Empezó por admirar la manzana, cogióla después con la mano, y al cabo comió de ella. Quien voluntariamente se expone al peligro, en él perecerá (Ecl., 3, 27).
Advierte San Pedro que el demonio anda dando vueltas alrededor de nosotros, buscando a quien devorar (6). De suerte que para volver a entrar en un alma que lo arrojó de sí, dice San Cipriano, sólo aguarda la ocasión oportuna (7). Si el alma se deja seducir para ponerse en peligro, de nuevo se apoderará de ella el enemigo y la devorará sin remedio.
Él abad Guerrico dice que Lázaro resucitó atado de manos y de pies (8), y por eso quedó sujeto a la muerte.
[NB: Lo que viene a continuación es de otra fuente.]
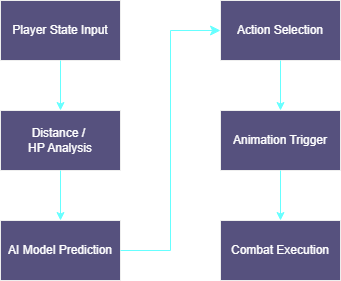

The diagram above was exported from draw.io. Its source (the exported page's mxGraphModel, read from the mxfile embedded in the PNG):
<mxGraphModel dx="883" dy="686" grid="1" gridSize="10" guides="1" tooltips="1" connect="1" arrows="1" fold="1" page="1" pageScale="1" pageWidth="827" pageHeight="1169" math="0" shadow="0">
  <root>
    <mxCell id="0" />
    <mxCell id="1" parent="0" />
    <mxCell id="0BdvIbNkTnsoMEeajOeA-1" parent="1" style="rounded=0;whiteSpace=wrap;html=1;labelBackgroundColor=none;fillColor=#56517E;strokeColor=#EEEEEE;fontColor=#FFFFFF;" value="Player State Input" vertex="1">
      <mxGeometry height="60" width="120" x="140" y="90" as="geometry" />
    </mxCell>
    <mxCell id="0BdvIbNkTnsoMEeajOeA-3" parent="1" style="rounded=0;whiteSpace=wrap;html=1;labelBackgroundColor=none;fillColor=#56517E;strokeColor=#EEEEEE;fontColor=#FFFFFF;" value="Distance /&amp;nbsp;&lt;div&gt;HP Analysis&lt;/div&gt;" vertex="1">
      <mxGeometry height="60" width="120" x="140" y="200" as="geometry" />
    </mxCell>
    <mxCell id="0BdvIbNkTnsoMEeajOeA-4" parent="1" style="rounded=0;whiteSpace=wrap;html=1;labelBackgroundColor=none;fillColor=#56517E;strokeColor=#EEEEEE;fontColor=#FFFFFF;" value="AI Model Prediction" vertex="1">
      <mxGeometry height="60" width="120" x="140" y="310" as="geometry" />
    </mxCell>
    <mxCell id="0BdvIbNkTnsoMEeajOeA-5" parent="1" style="rounded=0;whiteSpace=wrap;html=1;labelBackgroundColor=none;fillColor=#56517E;strokeColor=#EEEEEE;fontColor=#FFFFFF;" value="Action Selection" vertex="1">
      <mxGeometry height="60" width="120" x="360" y="90" as="geometry" />
    </mxCell>
    <mxCell id="0BdvIbNkTnsoMEeajOeA-6" parent="1" style="rounded=0;whiteSpace=wrap;html=1;labelBackgroundColor=none;fillColor=#56517E;strokeColor=#EEEEEE;fontColor=#FFFFFF;" value="Animation Trigger" vertex="1">
      <mxGeometry height="60" width="120" x="360" y="200" as="geometry" />
    </mxCell>
    <mxCell id="0BdvIbNkTnsoMEeajOeA-7" parent="1" style="rounded=0;whiteSpace=wrap;html=1;labelBackgroundColor=none;fillColor=#56517E;strokeColor=#EEEEEE;fontColor=#FFFFFF;" value="Combat Execution" vertex="1">
      <mxGeometry height="60" width="120" x="360" y="310" as="geometry" />
    </mxCell>
    <mxCell id="0BdvIbNkTnsoMEeajOeA-8" edge="1" parent="1" source="0BdvIbNkTnsoMEeajOeA-1" style="endArrow=classic;html=1;rounded=0;entryX=0.5;entryY=0;entryDx=0;entryDy=0;exitX=0.5;exitY=1;exitDx=0;exitDy=0;labelBackgroundColor=none;strokeColor=#66FFFF;fontColor=default;" target="0BdvIbNkTnsoMEeajOeA-3" value="">
      <mxGeometry height="50" relative="1" width="50" as="geometry">
        <mxPoint x="390" y="380" as="sourcePoint" />
        <mxPoint x="440" y="330" as="targetPoint" />
      </mxGeometry>
    </mxCell>
    <mxCell id="0BdvIbNkTnsoMEeajOeA-9" edge="1" parent="1" source="0BdvIbNkTnsoMEeajOeA-3" style="endArrow=classic;html=1;rounded=0;exitX=0.5;exitY=1;exitDx=0;exitDy=0;entryX=0.5;entryY=0;entryDx=0;entryDy=0;labelBackgroundColor=none;strokeColor=#66FFFF;fontColor=default;" target="0BdvIbNkTnsoMEeajOeA-4" value="">
      <mxGeometry height="50" relative="1" width="50" as="geometry">
        <mxPoint x="290" y="210" as="sourcePoint" />
        <mxPoint x="290" y="260" as="targetPoint" />
      </mxGeometry>
    </mxCell>
    <mxCell id="0BdvIbNkTnsoMEeajOeA-10" edge="1" parent="1" source="0BdvIbNkTnsoMEeajOeA-5" style="endArrow=classic;html=1;rounded=0;entryX=0.5;entryY=0;entryDx=0;entryDy=0;exitX=0.5;exitY=1;exitDx=0;exitDy=0;labelBackgroundColor=none;strokeColor=#66FFFF;fontColor=default;" target="0BdvIbNkTnsoMEeajOeA-6" value="">
      <mxGeometry height="50" relative="1" width="50" as="geometry">
        <mxPoint x="610" y="200" as="sourcePoint" />
        <mxPoint x="610" y="250" as="targetPoint" />
      </mxGeometry>
    </mxCell>
    <mxCell id="0BdvIbNkTnsoMEeajOeA-11" edge="1" parent="1" source="0BdvIbNkTnsoMEeajOeA-6" style="endArrow=classic;html=1;rounded=0;entryX=0.5;entryY=0;entryDx=0;entryDy=0;exitX=0.5;exitY=1;exitDx=0;exitDy=0;labelBackgroundColor=none;strokeColor=#66FFFF;fontColor=default;" target="0BdvIbNkTnsoMEeajOeA-7" value="">
      <mxGeometry height="50" relative="1" width="50" as="geometry">
        <mxPoint x="590" y="220" as="sourcePoint" />
        <mxPoint x="590" y="270" as="targetPoint" />
      </mxGeometry>
    </mxCell>
    <mxCell id="0BdvIbNkTnsoMEeajOeA-12" edge="1" parent="1" source="0BdvIbNkTnsoMEeajOeA-4" style="edgeStyle=elbowEdgeStyle;elbow=horizontal;endArrow=classic;html=1;curved=0;rounded=0;endSize=8;startSize=8;exitX=1;exitY=0.5;exitDx=0;exitDy=0;entryX=0;entryY=0.5;entryDx=0;entryDy=0;labelBackgroundColor=none;strokeColor=#66FFFF;fontColor=default;" target="0BdvIbNkTnsoMEeajOeA-5" value="">
      <mxGeometry height="50" relative="1" width="50" as="geometry">
        <mxPoint x="390" y="380" as="sourcePoint" />
        <mxPoint x="440" y="330" as="targetPoint" />
      </mxGeometry>
    </mxCell>
  </root>
</mxGraphModel>

¡Infeliz del que resucite ligado por las ocasiones! A pesar de su resurrección, volverá a morir. El que quiera salvarse necesita renunciar no sólo al pecado, sino también a las ocasiones de pecar; es decir, debe apartarse de este compañero, de aquella casa, de cierto trato y amistad...
Podrá decir alguno que, al mudar de vida, abandonó todo fin ilícito en sus relaciones con determinadas personas, y que, por tanto, no hay ya temor de tentaciones.
Recordaré a propósito de esto lo que se cuenta de ciertos osos de Mauritania, que acostumbran cazar monos. Estos animales, al ver a su enemigo, trepan a los árboles. Mas el oso tiéndase en tierra, fingiéndose muerto, y apenas los monos, confiados, bajan al suelo, se levanta, les da caza y los devora.
Así el demonio finge que están muertas las tentaciones, y cuando los hombres descienden a las ocasiones peligrosas, les presentan de improviso la tentación con que los vence. ¡Cuántas almas desventuradas que frecuentaban la oración y la comunión, y que podían llamarse santas, llegaron a ser presa del infierno por no haber evitado las malas ocasiones!
Refiérase en la Historia Eclesiástica que una santa señora, dedicada a la piadosa obra de recoger y enterrar los cuerpos de los mártires, halló uno que aún tenía vida.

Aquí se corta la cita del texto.